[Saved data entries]
━━━━

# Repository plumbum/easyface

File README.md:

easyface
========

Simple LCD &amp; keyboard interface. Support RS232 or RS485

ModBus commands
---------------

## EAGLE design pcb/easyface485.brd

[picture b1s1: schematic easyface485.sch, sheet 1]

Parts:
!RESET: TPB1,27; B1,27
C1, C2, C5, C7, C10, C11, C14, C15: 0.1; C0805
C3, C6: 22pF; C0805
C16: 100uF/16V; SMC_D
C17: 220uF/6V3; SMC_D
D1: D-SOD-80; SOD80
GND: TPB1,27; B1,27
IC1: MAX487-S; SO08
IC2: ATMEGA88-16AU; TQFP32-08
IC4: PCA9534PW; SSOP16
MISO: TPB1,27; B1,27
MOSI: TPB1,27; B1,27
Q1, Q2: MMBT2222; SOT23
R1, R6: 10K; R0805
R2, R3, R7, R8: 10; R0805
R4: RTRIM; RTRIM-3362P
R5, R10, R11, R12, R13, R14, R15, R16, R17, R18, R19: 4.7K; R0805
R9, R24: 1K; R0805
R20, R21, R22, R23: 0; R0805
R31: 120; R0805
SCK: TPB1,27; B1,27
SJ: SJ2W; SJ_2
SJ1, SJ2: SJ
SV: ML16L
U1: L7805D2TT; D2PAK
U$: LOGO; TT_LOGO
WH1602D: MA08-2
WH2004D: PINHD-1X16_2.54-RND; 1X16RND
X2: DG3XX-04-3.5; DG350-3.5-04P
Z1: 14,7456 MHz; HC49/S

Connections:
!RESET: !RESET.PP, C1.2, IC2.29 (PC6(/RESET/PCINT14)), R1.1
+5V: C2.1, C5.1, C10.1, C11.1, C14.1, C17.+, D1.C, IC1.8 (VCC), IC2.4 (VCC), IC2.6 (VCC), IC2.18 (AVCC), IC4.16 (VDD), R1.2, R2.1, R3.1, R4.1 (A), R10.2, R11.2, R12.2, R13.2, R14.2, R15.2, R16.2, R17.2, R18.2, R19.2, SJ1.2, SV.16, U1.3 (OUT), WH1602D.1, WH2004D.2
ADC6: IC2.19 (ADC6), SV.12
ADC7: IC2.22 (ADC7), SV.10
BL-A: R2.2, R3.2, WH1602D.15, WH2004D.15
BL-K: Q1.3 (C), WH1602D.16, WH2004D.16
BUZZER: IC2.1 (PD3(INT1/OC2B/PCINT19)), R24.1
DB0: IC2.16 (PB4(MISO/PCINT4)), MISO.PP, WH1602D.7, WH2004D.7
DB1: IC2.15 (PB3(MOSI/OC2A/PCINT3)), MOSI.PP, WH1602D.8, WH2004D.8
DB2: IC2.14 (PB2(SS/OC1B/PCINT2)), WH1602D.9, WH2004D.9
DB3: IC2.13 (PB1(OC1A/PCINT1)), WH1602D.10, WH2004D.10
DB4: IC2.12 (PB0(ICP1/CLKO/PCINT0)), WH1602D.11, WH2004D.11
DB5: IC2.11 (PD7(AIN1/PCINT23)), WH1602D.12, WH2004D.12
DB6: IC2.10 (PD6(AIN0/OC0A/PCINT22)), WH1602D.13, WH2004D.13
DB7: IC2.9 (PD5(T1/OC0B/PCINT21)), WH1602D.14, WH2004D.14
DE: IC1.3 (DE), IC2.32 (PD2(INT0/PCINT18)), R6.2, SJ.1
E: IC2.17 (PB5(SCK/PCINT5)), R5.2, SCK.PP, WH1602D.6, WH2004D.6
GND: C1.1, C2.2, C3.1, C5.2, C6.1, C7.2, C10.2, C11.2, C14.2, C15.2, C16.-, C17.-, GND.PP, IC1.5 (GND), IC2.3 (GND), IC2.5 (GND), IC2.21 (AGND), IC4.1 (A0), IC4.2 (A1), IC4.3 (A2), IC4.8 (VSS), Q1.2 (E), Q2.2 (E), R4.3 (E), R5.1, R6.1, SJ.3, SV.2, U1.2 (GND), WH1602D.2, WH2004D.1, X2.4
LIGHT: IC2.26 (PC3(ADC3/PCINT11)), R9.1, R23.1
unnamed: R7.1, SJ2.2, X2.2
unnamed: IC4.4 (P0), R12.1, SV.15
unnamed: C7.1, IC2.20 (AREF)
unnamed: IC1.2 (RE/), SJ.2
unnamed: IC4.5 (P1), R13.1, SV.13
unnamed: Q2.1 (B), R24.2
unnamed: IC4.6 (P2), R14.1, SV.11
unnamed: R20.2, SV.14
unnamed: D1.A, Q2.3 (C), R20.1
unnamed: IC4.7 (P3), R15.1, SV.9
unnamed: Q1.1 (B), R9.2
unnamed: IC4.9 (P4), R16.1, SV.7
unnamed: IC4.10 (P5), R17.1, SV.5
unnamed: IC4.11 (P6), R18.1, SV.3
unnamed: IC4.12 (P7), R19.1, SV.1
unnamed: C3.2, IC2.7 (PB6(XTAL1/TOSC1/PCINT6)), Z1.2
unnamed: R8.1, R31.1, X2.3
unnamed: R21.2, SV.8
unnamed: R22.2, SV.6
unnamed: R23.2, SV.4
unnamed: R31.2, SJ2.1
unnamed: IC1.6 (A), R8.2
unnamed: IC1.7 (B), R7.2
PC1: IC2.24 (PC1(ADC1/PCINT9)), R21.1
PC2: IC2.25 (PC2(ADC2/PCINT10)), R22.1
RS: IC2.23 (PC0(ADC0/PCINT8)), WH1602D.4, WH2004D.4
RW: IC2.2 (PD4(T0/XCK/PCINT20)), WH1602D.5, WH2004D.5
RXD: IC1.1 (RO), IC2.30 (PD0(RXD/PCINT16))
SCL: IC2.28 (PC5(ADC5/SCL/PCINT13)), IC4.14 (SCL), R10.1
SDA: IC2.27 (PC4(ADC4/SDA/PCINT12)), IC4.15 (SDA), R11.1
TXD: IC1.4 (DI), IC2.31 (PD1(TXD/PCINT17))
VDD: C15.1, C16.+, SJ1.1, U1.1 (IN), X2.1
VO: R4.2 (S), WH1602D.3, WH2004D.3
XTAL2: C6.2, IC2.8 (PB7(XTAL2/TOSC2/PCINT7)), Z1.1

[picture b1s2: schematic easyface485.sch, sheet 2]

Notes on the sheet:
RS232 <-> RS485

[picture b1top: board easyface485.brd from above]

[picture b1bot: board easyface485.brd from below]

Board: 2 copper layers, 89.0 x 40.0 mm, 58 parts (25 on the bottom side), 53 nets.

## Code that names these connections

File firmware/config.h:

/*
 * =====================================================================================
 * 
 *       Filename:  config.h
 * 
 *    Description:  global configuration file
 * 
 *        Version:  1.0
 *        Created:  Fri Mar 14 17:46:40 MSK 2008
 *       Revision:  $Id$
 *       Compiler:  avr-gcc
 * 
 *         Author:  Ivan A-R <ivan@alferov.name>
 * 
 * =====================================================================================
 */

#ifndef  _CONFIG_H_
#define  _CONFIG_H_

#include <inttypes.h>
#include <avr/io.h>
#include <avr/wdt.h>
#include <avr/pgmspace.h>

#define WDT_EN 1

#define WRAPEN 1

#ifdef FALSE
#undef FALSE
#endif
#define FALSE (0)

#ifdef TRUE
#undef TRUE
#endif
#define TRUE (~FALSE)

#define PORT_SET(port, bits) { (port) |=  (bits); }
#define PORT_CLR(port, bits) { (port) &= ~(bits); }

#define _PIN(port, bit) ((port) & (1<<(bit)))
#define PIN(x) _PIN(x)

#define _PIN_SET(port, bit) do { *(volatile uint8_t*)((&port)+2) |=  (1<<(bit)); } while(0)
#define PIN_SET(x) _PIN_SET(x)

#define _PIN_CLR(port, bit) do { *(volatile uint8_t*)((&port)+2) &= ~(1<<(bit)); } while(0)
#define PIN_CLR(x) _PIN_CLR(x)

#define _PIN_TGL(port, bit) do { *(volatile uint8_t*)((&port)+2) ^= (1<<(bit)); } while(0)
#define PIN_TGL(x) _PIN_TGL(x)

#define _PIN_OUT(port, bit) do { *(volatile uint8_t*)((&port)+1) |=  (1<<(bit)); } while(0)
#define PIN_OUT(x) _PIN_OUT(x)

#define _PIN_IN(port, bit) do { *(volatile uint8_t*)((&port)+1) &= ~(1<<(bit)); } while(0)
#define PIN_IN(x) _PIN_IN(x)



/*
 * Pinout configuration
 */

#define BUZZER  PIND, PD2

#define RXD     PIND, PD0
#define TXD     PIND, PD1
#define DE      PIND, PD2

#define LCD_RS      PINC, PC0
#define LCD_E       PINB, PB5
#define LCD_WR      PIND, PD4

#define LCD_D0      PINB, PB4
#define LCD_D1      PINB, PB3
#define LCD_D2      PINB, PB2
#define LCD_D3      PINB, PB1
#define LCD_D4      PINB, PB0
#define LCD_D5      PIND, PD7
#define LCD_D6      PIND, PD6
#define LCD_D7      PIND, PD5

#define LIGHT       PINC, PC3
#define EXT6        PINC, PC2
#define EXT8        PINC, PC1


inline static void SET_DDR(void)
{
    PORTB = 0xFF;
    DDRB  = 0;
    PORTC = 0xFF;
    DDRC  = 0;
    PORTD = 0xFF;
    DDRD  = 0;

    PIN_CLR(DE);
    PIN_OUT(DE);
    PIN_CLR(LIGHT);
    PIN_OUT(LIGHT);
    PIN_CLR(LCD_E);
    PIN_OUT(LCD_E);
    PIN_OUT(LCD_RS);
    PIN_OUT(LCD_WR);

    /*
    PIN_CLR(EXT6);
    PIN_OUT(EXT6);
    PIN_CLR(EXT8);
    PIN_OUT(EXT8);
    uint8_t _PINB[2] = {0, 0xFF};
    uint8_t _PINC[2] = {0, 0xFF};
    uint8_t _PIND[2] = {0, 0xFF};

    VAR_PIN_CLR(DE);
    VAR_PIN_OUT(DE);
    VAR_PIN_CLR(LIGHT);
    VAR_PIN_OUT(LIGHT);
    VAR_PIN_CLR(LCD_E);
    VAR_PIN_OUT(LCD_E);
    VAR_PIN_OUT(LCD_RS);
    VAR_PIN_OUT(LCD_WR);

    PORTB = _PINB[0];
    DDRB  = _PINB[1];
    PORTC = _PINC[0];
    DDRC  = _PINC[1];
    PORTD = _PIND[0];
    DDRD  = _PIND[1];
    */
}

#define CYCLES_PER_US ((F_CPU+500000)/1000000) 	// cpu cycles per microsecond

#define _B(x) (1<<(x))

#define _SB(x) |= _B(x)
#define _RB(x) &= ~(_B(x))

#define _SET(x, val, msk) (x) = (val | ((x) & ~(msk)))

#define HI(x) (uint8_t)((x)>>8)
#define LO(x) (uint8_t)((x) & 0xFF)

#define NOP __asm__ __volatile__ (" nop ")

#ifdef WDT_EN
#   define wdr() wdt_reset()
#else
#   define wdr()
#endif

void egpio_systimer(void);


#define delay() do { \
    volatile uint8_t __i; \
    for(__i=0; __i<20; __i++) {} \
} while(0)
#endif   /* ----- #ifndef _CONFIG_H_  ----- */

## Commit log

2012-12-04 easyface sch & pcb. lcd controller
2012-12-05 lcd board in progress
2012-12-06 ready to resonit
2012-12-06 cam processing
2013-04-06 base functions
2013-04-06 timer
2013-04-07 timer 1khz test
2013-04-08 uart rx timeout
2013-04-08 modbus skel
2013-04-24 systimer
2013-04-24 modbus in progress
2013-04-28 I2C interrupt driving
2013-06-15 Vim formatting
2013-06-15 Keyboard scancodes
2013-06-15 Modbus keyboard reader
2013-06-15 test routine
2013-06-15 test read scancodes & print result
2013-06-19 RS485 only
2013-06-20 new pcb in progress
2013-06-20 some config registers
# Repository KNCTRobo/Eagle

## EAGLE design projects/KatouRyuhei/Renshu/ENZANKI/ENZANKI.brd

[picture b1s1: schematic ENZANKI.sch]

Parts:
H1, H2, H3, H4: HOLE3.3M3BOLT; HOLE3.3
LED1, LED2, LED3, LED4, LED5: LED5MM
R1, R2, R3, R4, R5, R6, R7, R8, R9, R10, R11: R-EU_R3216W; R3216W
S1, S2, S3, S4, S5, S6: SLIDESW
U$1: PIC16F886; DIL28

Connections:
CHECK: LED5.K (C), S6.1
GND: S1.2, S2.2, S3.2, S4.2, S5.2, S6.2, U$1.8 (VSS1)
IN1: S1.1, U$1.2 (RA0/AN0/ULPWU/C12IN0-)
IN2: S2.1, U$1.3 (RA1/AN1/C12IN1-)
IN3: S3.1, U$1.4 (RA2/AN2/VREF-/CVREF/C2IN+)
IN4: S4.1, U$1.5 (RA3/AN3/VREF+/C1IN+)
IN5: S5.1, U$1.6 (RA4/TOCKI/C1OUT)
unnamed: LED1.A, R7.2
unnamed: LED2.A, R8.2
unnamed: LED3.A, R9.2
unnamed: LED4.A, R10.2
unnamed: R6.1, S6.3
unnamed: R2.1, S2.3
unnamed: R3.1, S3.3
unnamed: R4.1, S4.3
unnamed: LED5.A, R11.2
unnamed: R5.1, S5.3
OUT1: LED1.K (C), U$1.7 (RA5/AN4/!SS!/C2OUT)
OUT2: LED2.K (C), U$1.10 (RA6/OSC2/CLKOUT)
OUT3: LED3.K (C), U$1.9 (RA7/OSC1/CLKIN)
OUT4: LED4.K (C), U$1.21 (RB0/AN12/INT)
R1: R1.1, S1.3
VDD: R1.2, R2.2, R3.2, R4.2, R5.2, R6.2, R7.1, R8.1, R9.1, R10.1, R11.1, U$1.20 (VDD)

━━━━

→ Exercise brief
Return a copy of each line in the records above that has "TRUE" in it.

→ Reply
#ifdef TRUE
#undef TRUE
#define TRUE (~FALSE)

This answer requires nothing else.